This was a close race!

In 1st place we have HarperCole with "The Road to Heaven is paved with bad intentions"
In 2nd, Dubhthaigh with "Piggies!"
and in 3rd, Smith with "Sick"

If there are any discrepancies, I would be grateful if you would bring them to my attention,
 and I will attempt to rectify them in any way possible. See you guys next month!  


Congratulations to all, members may now 'like' stories in the LM thread if they so choose. 
 And now, what you've all been waiting for, the scores!

[spoiler2=Amsawtell's Scores!]  

*Title:* Memento Mori
*Author:* Teb


*SPaG:* N/A
*Tone:* N/A
*Effect:* N/A


*Overall:* N/A


 The introduction, while good scene setting, doesn't serve the rest of the story.  It has little to do with the majority of the action and it bogs down the writing.  I would drop that part and the last line completely.  I don't know why Ethel is important to this story as it doesn't have anything to do with her—the beginning makes the reader believe that the rest will be a reminiscence about Ethel and the days the narrator and she courted.


 There is a verb-tense agreement issue in the first line and it's passive voice.  It would read better as “The frail figure sits in a large armchair, a blanket wrapped around his knees despite the sunlight streaming through the open window.”

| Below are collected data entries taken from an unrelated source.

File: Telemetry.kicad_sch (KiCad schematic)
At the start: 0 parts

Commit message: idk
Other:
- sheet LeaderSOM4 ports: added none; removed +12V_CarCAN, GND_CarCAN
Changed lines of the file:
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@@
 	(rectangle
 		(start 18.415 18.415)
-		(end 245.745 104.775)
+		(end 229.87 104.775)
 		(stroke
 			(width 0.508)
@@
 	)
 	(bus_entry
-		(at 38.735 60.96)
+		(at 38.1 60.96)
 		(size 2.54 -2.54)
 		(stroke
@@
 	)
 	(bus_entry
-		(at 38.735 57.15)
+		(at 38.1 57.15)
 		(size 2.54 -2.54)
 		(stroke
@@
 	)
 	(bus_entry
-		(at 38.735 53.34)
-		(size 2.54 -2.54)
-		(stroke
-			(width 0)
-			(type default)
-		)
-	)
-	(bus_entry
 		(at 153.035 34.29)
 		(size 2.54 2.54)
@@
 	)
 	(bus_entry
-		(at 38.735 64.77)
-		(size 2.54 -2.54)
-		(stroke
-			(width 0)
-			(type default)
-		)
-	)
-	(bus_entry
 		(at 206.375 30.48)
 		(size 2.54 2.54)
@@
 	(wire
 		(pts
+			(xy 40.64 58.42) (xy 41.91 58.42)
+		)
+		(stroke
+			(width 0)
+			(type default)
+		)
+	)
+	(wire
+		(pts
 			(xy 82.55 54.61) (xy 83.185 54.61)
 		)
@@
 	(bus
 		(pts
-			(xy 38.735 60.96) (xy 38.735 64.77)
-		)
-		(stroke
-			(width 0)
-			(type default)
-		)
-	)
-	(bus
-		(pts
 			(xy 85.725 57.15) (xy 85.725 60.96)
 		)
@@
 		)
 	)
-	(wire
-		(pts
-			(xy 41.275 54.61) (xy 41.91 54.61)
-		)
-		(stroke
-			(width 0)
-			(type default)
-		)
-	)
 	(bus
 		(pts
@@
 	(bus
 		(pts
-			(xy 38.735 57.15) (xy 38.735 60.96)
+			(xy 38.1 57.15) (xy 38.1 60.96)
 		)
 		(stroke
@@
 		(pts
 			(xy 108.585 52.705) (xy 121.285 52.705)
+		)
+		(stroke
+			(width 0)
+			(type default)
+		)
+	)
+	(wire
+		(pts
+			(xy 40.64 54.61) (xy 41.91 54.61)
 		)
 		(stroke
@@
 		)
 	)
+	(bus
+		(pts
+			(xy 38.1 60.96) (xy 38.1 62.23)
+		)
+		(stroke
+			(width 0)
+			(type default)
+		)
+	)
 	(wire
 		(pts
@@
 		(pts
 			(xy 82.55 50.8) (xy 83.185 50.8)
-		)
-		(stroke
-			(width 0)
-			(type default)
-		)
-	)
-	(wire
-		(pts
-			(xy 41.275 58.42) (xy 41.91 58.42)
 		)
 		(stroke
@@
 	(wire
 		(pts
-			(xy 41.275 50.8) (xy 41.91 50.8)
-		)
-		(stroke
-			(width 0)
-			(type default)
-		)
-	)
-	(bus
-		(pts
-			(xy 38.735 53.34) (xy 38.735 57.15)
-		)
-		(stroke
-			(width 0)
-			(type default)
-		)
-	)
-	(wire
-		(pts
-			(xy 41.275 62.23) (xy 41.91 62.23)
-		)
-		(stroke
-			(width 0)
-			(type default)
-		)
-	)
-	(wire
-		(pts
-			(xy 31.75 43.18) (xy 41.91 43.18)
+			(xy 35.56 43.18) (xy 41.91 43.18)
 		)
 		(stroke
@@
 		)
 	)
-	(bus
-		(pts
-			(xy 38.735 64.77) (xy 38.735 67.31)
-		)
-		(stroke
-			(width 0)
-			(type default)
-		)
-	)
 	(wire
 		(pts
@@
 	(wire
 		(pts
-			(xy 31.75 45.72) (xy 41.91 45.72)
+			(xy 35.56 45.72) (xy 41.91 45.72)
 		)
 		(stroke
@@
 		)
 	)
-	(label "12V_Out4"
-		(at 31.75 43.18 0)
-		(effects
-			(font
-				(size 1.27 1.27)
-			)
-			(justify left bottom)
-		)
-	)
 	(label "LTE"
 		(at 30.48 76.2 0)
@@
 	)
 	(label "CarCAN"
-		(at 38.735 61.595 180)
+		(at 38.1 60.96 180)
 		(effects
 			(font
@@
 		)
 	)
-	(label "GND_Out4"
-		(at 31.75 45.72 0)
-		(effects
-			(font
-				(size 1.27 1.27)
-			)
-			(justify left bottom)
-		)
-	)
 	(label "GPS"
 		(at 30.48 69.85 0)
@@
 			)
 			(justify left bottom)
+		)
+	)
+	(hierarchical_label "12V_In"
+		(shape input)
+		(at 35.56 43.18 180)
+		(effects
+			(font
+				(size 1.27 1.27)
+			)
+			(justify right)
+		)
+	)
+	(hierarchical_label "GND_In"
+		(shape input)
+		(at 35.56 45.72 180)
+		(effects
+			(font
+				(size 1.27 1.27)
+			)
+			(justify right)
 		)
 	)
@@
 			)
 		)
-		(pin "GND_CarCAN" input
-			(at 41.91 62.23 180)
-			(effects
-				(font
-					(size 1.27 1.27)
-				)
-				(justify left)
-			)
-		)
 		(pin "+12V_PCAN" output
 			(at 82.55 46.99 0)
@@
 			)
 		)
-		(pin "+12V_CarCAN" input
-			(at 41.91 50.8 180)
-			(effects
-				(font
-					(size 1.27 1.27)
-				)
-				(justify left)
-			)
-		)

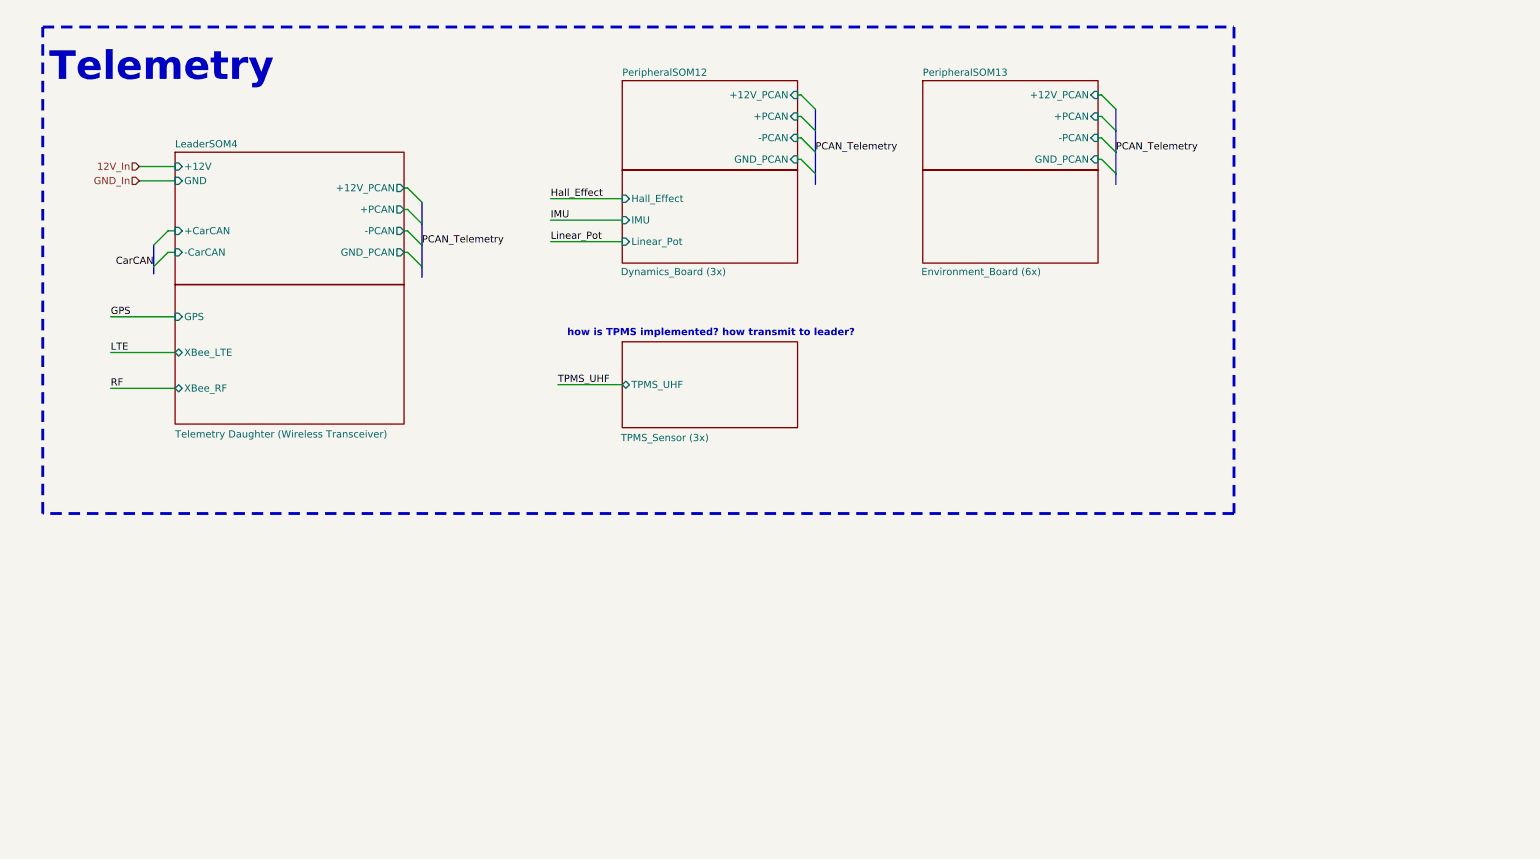
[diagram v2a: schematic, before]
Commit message: Updated Controls + Telemetry
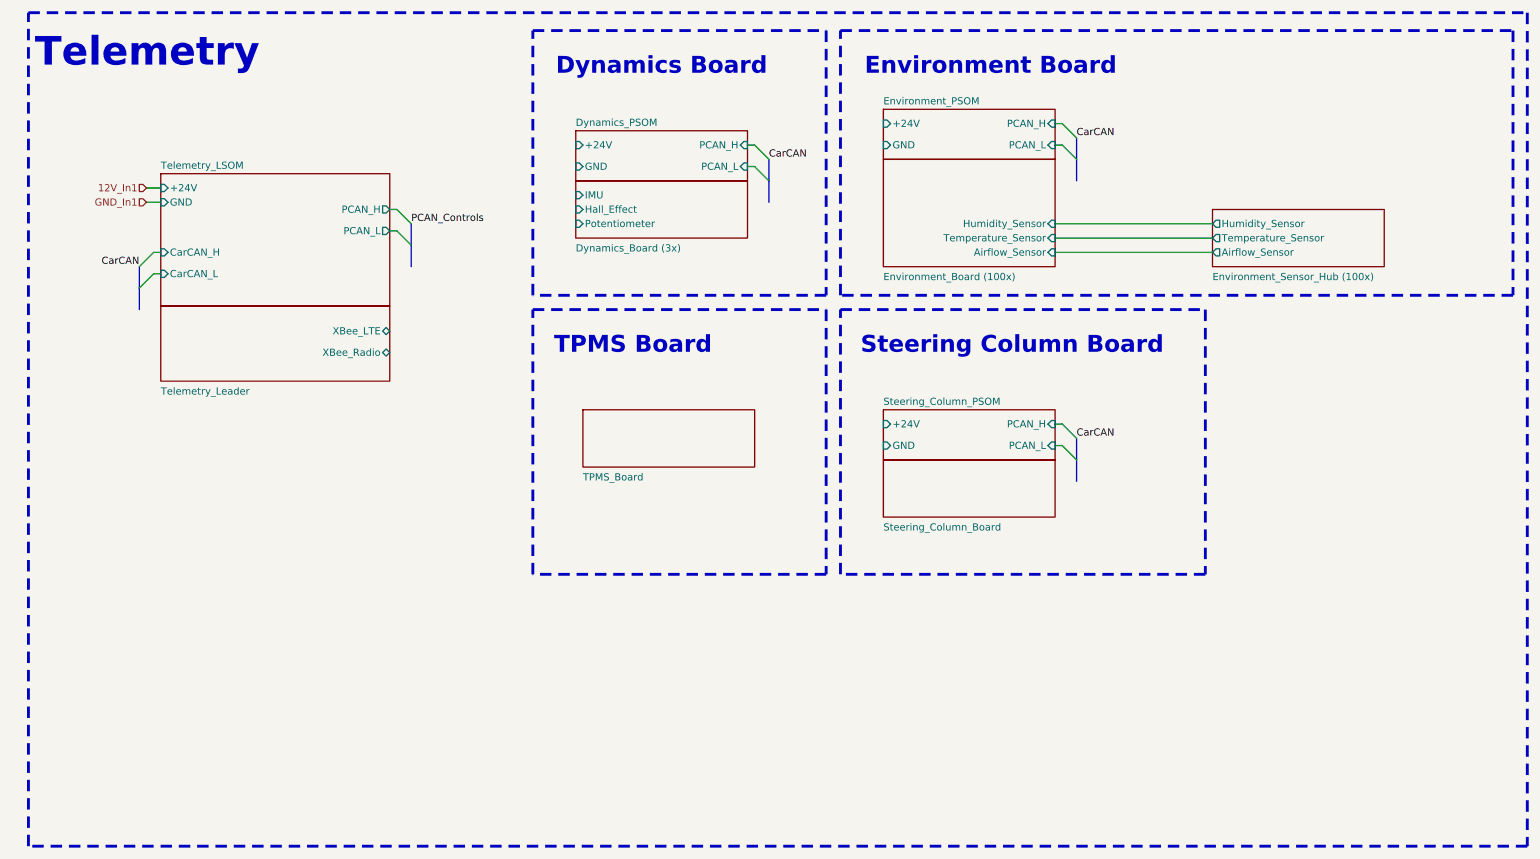
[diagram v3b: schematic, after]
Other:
- removed sheet Environment_Board (6x)
- removed sheet LeaderSOM4
- removed sheet PeripheralSOM12
- removed sheet PeripheralSOM13
- removed sheet TPMS_Sensor (3x)
- removed sheet Telemetry Daughter (Wireless Transceiver)
- added sheet Dynamics_PSOM (PeripheralSOM.kicad_sch)
- added sheet Environment_Board (100x) (Environment_Board.kicad_sch)
- added sheet Environment_PSOM (PeripheralSOM.kicad_sch)
- added sheet Environment_Sensor_Hub (100x) (Environment_Sensor_Hub.kicad_sch)
- added sheet Steering_Column_Board (Steering_Column_Board.kicad_sch)
- added sheet Steering_Column_PSOM (PeripheralSOM.kicad_sch)
- added sheet TPMS_Board (TPMS_Board.kicad_sch)
- added sheet Telemetry_LSOM (LeaderSOM.kicad_sch)
- added sheet Telemetry_Leader (Controls_Daugther.kicad_sch)
- sheet Dynamics_Board (3x) ports: added Potentiometer; removed Linear_Pot
- note added: "Dynamics Board"
- note added: "Environment Board"
- note added: "Steering Column Board"
- note added: "TPMS Board"
- note removed: "how is TPMS implemented? how transmit to leader?"

 You have a recurring problem with apostrophes—particularly with its/it's.  An apostrophe is used to create a contraction in which two words are pulled together and the vowel that is not pronounced is replaced by the apostrophe.  That is what happens with it is—as a contraction it takes the form “it's.”


 Apostrophes are also used to indicate possession but only with proper nouns (named people, places, or things).  If it is not named and an impersonal pronoun is used then possession is indicated in a different way.   Those ways are outlined below:


 Mine = belongs to me.
 Yours = belongs to you.
 His/Hers = belongs to him/her
 Its = belongs to it.


 So, for “dressed in her nurses uniform,” where does the apostrophe go?  That's right, before the second “s” in “nurses.”


 I really like the action in the war scene.  It's clear and understandable while still feeling confusing which is hard to do in war scenes as they're typically so chaotic.


_“He throws it hard but is lifted off his feet by the force oft he bullet smashing into his shoulder.”_
 There's a spacing issue (my computer hated typing it out and kept auto-correcting it).  I would also change it from “the bullet” to “a bullet” because there's more than one bullet in the world, right?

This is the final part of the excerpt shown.